BeRealでは、毎日ランダムの時間に「2分以内に投稿しないと友達の投稿が見られません」という旨の通知が届きます。

2分以上遅れても投稿は可能ですが、その場合、自分の投稿を見ているユーザーの画面には「〇分遅れで投稿」と表示されます。

 

投稿回数は11枚ですが、通知から2分以内に投稿すればもう1枚追加で投稿が可能です。

投稿の削除も11枚までとなっているので、注意が必要です。

また、通知に記載されているように、自分が投稿を行わないと友達の投稿を見ることができません。

・画像フィルターや編集機能はなし

 BeRealの場合、スマートフォンの外カメラと内カメラで同時に写真を撮影することが可能です。

たとえ、寝起きでもすっぴん顔でも通知が来たらアプリ上のカメラを起動し、自分の顔と目の前の風景を同時に撮影し、SNSに投稿することになります。

 

映えを重視したInstagramなどのSNSでは、画像をおしゃれで美しく見せるためのフィルターや編集機能が備わっています。

しかし、BeRealでは画像フィルターや編集機能はないので、ありのままの姿や日常風景を友達と共有することが可能です。

この「ありのままの姿」こそが人気の源泉だったりするわけです。 

■何が若者をBeRealに惹きつけているのか

 RECCOOが現役大学生150人に対して行ったSNSの利用状況に関する調査では、50%近くの大学生がBeRealを利用していたといいます。

この利用率はTikTokとほぼ変わらず、Z世代の間では流行っていることがわかります。

 

LINEリサーチが「今後流行りそうなSNS」をテーマに行った調査では、BeReal4位にランクインしており、今後も若者を中心に利用率が増える可能性は高いと考えて良いはずです。

 

そんなBeRealが若者に注目される主な理由のひとつには、SNS疲れの影響が挙げられるかも知れません。

他のSNSでは映えが意識されている分、盛れてない写真や動画を投稿できないというプレッシャーがあります。平たく言えば、「なんてことない写真や動画じゃ、投稿できない」という事です。

例えば、Instagramに写真を投稿するなら、それなりに映えてないとマズいというプレッシャーがあるわけです。

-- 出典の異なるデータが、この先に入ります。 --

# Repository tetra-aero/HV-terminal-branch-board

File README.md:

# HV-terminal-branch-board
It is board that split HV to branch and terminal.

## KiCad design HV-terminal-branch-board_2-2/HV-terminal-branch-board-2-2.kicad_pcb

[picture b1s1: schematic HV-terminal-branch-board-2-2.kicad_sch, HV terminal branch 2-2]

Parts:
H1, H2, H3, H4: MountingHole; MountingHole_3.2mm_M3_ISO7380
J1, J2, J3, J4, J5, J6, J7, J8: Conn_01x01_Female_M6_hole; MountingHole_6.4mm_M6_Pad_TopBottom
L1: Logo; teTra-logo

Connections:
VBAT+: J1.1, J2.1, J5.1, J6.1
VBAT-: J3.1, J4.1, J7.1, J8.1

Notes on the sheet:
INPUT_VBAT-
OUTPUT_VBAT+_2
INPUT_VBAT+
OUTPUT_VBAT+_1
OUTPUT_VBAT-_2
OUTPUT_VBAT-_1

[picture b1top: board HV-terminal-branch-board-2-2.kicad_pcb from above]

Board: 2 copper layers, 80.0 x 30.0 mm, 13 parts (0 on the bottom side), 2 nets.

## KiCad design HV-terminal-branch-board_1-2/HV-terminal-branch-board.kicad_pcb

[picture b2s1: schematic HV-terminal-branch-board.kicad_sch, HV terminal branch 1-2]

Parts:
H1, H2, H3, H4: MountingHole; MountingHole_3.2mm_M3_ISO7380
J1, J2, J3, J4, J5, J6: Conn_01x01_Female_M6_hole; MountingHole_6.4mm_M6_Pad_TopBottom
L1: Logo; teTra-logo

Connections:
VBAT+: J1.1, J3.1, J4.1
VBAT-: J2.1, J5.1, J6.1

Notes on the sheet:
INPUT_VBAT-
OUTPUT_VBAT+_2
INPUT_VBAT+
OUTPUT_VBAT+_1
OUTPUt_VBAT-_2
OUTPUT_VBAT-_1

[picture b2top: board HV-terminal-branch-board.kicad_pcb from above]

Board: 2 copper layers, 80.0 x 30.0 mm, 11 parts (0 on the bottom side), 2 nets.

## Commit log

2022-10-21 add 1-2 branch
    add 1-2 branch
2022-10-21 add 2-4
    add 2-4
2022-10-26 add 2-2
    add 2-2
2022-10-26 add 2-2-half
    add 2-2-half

マウントが全てではないでしょうが、毎回マウント演出をするのも大変なのかも知れません。

 

また、他社の投稿を見るのに疲れを感じること”も”あるのでしょう。

キラキラと日常が充実しているような投稿をする他者と自分を比較してしまい、凹んだり気疲れしてしまうケースも少なくないようです。

その点、BeRealは映えや周りの評価を気にしなくても良いため、SNS疲れしている若者に人気があるのかも知れません。

 

また、投稿時間がランダムなゆえに、友達の素の姿を見ることができる面白さもブームにつながっているのでしょう。 

BeRealには、現状広告機能がない

 

現時点でBeRealに広告機能はないため、広告配信や集客を目的にしているマーケターは様子見の現状です。しかし、BeRealが長期的に収入を得て発展していくためには、広告の導入は避けられないと考えられます。

 

したがって、将来的には広告機能が実装される可能性があります。

TikTokInstagramなど他のSNSでもそうでしたが、広告機能をオープンしてからすぐには競合もなかなか参入しません。オープンした段階で参入すれば、得られるメリットは大きいと思います。

 

ただし、BeRealは、盛らないSNSであることが人気の理由であることを忘れてはいけません。一方で、広告というものは、そもそも「良く見せる=盛る」のが前提です。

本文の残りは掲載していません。